[Records drawn from a dataset]
'''

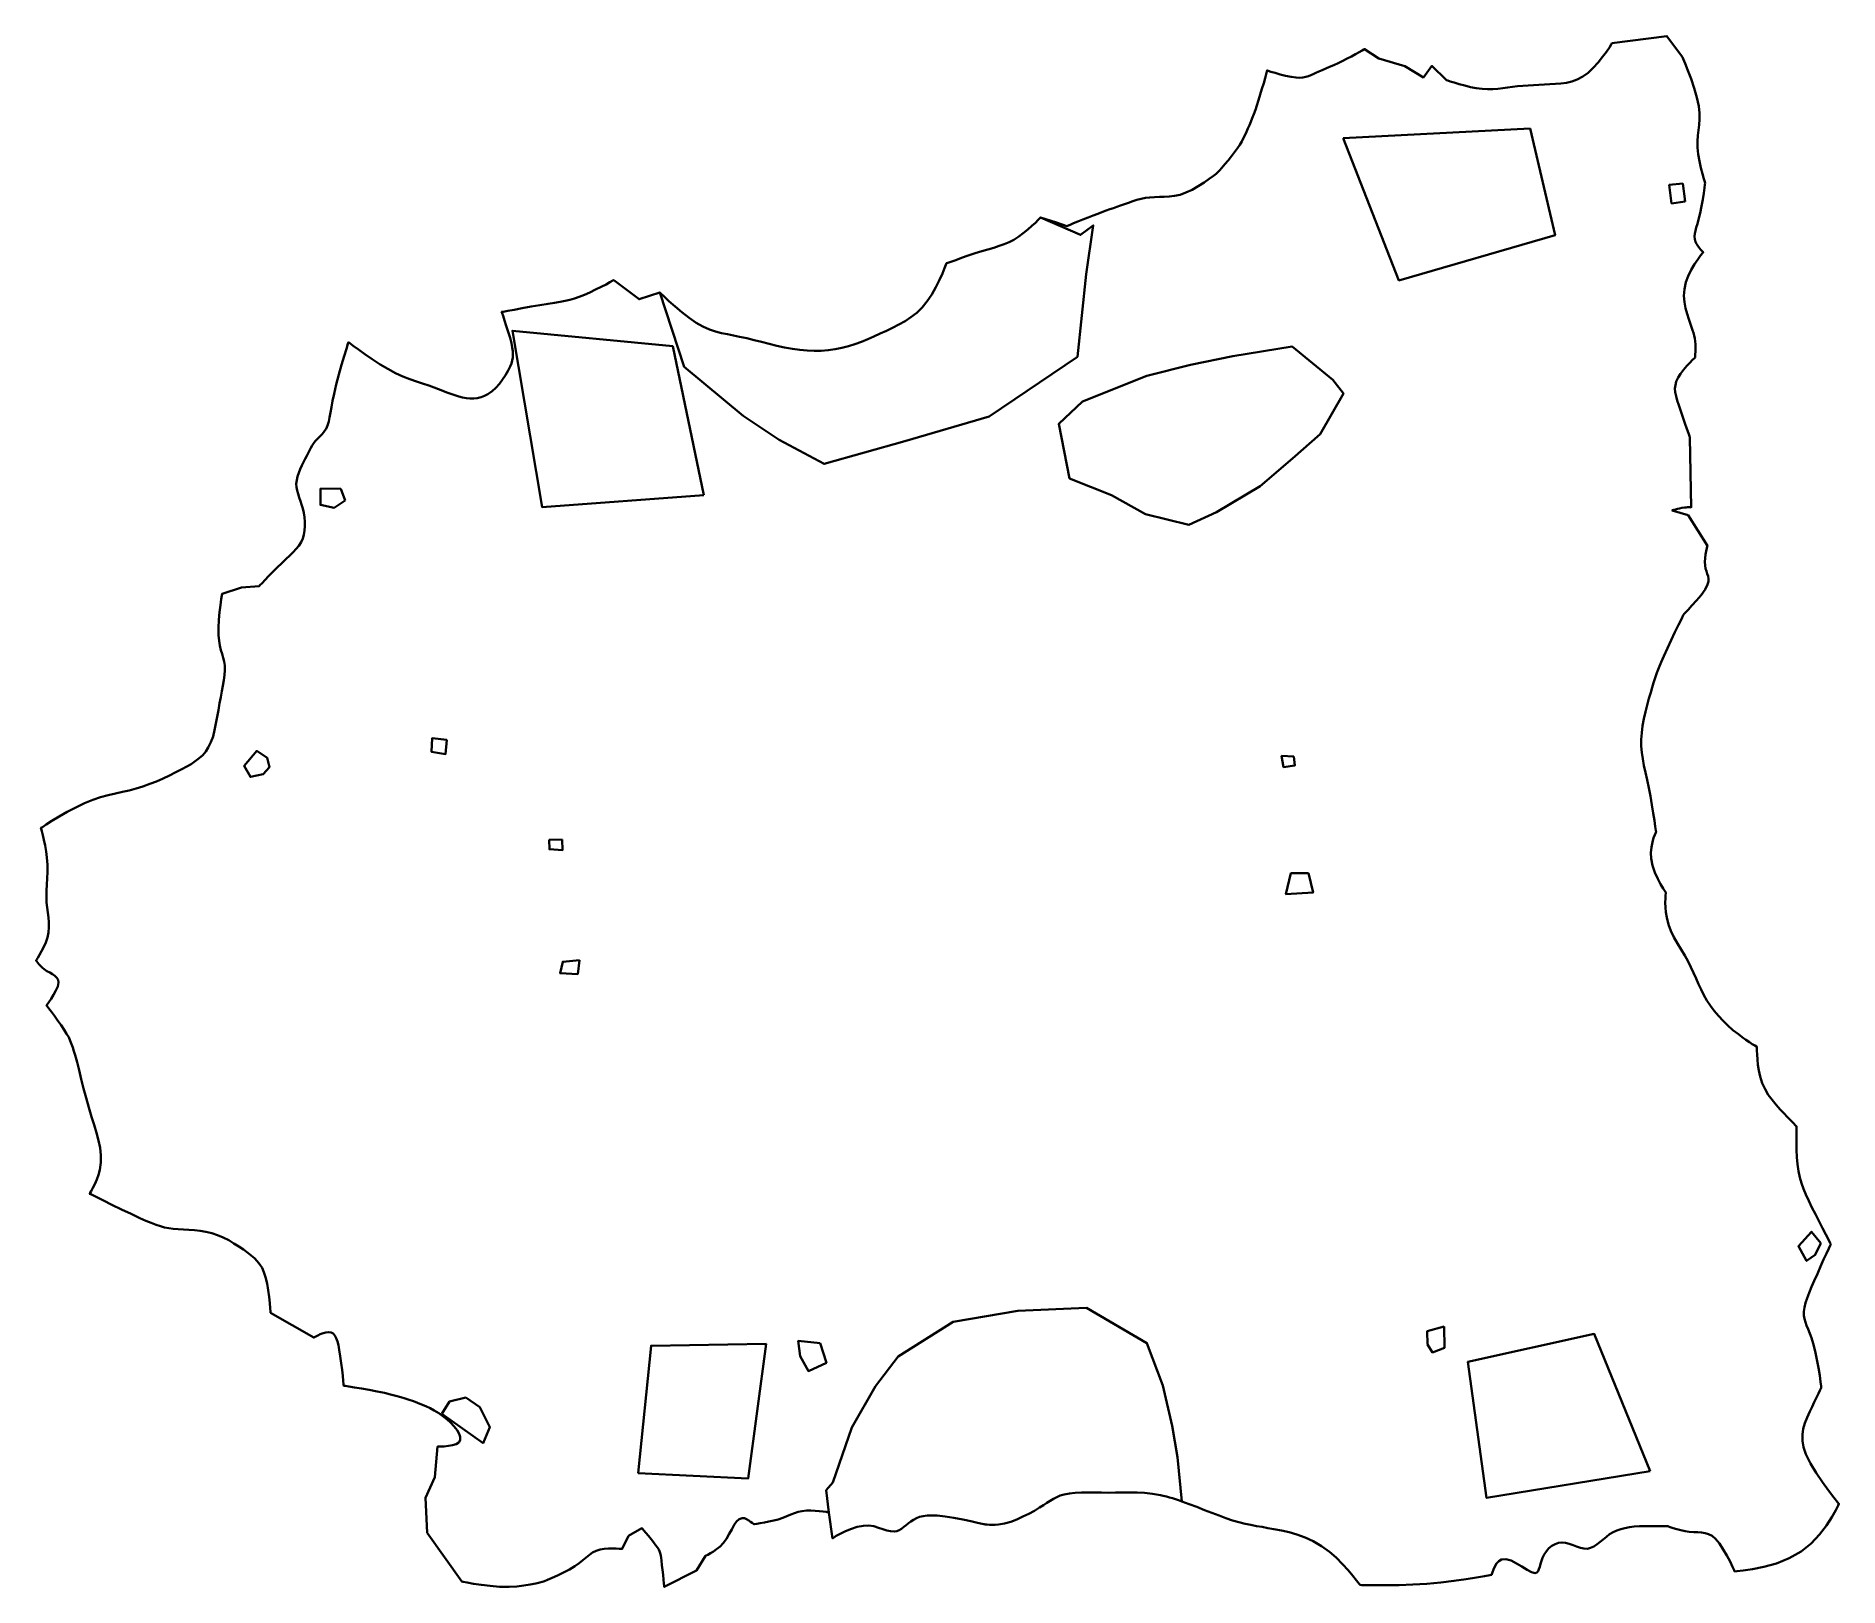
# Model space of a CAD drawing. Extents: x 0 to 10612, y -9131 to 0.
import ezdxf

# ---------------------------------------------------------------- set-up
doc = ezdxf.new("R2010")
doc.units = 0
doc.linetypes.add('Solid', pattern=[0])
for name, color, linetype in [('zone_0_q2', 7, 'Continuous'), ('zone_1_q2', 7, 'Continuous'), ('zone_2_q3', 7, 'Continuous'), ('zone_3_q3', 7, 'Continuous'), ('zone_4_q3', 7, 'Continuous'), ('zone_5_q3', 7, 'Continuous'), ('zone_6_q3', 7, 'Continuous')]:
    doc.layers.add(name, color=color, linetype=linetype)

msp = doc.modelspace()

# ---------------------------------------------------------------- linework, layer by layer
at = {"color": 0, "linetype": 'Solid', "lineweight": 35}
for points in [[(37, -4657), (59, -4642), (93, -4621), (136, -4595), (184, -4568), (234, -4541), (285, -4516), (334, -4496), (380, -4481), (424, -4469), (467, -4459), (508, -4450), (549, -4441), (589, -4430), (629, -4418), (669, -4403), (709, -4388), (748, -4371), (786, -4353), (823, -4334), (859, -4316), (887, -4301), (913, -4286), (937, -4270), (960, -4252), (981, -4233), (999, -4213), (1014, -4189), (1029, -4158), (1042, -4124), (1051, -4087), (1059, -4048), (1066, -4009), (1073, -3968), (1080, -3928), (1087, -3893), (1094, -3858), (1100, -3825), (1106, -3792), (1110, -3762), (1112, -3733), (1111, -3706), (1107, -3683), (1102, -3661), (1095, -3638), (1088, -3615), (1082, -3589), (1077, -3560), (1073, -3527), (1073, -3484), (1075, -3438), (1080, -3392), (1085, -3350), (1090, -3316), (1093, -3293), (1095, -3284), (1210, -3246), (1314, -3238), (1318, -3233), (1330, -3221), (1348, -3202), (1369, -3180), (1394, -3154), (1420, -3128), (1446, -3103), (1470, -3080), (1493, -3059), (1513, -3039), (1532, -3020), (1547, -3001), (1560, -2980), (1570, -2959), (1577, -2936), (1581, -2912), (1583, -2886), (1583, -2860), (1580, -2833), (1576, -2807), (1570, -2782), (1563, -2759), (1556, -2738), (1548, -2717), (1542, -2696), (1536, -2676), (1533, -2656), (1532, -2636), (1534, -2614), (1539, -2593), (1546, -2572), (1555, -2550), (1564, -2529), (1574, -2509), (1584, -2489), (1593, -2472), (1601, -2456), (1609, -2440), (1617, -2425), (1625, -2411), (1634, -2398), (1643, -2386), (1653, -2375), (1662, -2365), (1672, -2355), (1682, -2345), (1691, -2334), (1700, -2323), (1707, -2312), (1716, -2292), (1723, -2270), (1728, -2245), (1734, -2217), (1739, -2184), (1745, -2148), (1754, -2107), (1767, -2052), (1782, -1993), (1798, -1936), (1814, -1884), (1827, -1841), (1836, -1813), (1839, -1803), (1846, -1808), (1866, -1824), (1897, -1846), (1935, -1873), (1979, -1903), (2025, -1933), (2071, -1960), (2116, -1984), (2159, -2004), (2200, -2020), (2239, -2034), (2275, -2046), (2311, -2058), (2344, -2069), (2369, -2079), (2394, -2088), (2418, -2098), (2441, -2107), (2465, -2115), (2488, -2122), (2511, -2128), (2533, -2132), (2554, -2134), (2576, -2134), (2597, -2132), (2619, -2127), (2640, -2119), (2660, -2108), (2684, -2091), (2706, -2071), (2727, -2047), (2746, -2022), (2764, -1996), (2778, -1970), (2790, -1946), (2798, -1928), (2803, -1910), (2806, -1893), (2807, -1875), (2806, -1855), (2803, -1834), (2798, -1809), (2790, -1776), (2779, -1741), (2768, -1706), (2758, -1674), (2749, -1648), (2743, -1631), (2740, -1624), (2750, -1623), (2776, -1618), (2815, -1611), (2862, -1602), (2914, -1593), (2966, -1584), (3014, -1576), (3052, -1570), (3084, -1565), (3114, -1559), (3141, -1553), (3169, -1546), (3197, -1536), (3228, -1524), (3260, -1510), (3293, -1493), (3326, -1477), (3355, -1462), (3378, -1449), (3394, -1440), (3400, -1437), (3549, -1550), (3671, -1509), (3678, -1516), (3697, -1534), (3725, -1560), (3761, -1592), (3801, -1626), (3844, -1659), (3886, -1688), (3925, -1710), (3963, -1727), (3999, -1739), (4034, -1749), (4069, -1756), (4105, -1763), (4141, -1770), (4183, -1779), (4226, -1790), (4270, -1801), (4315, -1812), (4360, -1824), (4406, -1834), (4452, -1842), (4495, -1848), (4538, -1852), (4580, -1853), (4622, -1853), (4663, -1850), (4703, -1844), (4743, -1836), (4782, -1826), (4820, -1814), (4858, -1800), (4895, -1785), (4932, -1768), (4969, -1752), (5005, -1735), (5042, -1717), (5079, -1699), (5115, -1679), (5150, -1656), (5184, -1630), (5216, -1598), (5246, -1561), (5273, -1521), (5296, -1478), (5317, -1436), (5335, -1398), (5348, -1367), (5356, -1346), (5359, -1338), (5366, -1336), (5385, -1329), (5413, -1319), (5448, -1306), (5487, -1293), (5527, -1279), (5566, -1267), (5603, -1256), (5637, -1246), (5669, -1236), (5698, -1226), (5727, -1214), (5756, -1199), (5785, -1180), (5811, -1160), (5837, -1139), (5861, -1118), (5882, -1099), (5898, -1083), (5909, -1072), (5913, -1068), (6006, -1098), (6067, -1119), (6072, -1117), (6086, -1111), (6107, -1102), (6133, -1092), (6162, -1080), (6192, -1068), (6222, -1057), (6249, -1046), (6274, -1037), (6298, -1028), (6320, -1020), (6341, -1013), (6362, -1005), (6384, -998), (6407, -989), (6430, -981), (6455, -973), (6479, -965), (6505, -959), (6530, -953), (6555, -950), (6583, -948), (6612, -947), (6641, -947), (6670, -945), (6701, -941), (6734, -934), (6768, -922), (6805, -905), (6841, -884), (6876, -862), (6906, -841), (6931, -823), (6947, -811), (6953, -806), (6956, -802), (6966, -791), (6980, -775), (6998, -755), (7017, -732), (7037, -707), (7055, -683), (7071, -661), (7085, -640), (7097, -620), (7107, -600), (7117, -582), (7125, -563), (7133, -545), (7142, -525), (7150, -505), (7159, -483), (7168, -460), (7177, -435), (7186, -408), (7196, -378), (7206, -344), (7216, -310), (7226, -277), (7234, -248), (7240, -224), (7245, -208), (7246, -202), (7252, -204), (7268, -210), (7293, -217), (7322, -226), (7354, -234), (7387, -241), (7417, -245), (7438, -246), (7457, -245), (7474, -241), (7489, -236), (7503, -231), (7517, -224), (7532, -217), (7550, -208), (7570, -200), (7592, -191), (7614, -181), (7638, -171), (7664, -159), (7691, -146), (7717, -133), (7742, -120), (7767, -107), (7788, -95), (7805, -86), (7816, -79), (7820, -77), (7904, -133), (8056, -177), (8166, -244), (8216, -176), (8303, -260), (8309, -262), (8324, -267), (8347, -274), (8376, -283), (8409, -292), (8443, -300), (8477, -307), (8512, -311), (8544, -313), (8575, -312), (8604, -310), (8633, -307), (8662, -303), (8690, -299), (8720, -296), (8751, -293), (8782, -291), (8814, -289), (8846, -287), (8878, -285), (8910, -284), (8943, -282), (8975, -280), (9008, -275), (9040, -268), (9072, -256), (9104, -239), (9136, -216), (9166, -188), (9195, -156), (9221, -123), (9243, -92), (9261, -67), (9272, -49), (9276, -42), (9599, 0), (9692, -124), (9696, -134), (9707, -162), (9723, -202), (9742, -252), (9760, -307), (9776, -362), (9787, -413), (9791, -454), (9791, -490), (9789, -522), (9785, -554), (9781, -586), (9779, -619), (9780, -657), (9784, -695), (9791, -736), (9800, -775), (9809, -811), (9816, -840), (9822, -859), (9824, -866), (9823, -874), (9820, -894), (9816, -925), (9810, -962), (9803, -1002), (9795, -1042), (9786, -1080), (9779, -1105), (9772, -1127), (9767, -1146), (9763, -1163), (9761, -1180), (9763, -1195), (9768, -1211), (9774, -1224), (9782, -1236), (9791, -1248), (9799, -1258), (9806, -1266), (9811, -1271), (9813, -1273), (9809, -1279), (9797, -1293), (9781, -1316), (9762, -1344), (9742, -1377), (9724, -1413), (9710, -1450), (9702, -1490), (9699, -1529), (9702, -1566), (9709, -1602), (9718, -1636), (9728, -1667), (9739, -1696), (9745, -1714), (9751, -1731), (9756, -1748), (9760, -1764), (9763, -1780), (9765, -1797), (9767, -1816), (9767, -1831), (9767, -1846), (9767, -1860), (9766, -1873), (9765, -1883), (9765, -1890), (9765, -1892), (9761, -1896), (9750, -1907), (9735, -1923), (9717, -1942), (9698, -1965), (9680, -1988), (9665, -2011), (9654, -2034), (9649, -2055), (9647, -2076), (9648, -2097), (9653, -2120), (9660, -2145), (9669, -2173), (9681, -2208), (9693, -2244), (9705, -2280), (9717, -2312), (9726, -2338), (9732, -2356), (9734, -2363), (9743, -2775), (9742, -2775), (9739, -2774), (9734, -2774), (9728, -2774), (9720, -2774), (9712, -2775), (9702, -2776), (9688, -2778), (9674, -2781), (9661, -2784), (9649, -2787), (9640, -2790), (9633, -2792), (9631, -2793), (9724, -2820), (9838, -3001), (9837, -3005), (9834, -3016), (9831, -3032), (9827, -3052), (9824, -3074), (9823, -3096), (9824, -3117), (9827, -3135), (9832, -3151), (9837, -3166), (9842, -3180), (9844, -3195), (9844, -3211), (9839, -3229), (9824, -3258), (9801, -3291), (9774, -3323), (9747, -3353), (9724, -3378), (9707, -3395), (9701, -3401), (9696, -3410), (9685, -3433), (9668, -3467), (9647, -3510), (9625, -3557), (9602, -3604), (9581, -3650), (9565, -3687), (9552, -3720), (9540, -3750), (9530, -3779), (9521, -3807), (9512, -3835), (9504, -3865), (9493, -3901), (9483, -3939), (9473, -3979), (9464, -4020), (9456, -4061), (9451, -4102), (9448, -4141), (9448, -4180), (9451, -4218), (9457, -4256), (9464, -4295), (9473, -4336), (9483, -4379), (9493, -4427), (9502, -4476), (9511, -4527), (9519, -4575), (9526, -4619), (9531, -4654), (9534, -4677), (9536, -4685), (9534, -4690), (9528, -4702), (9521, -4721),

'''

**EXERCISE:** Only lines belong in the copy, not pictures: write out exactly the lines of the records from the first through the one holding "doc.linetypes.add('Solid', pattern=[0])".

**WRITTEN ANSWER:**
# Model space of a CAD drawing. Extents: x 0 to 10612, y -9131 to 0.
import ezdxf

# ---------------------------------------------------------------- set-up
doc = ezdxf.new("R2010")
doc.units = 0
doc.linetypes.add('Solid', pattern=[0])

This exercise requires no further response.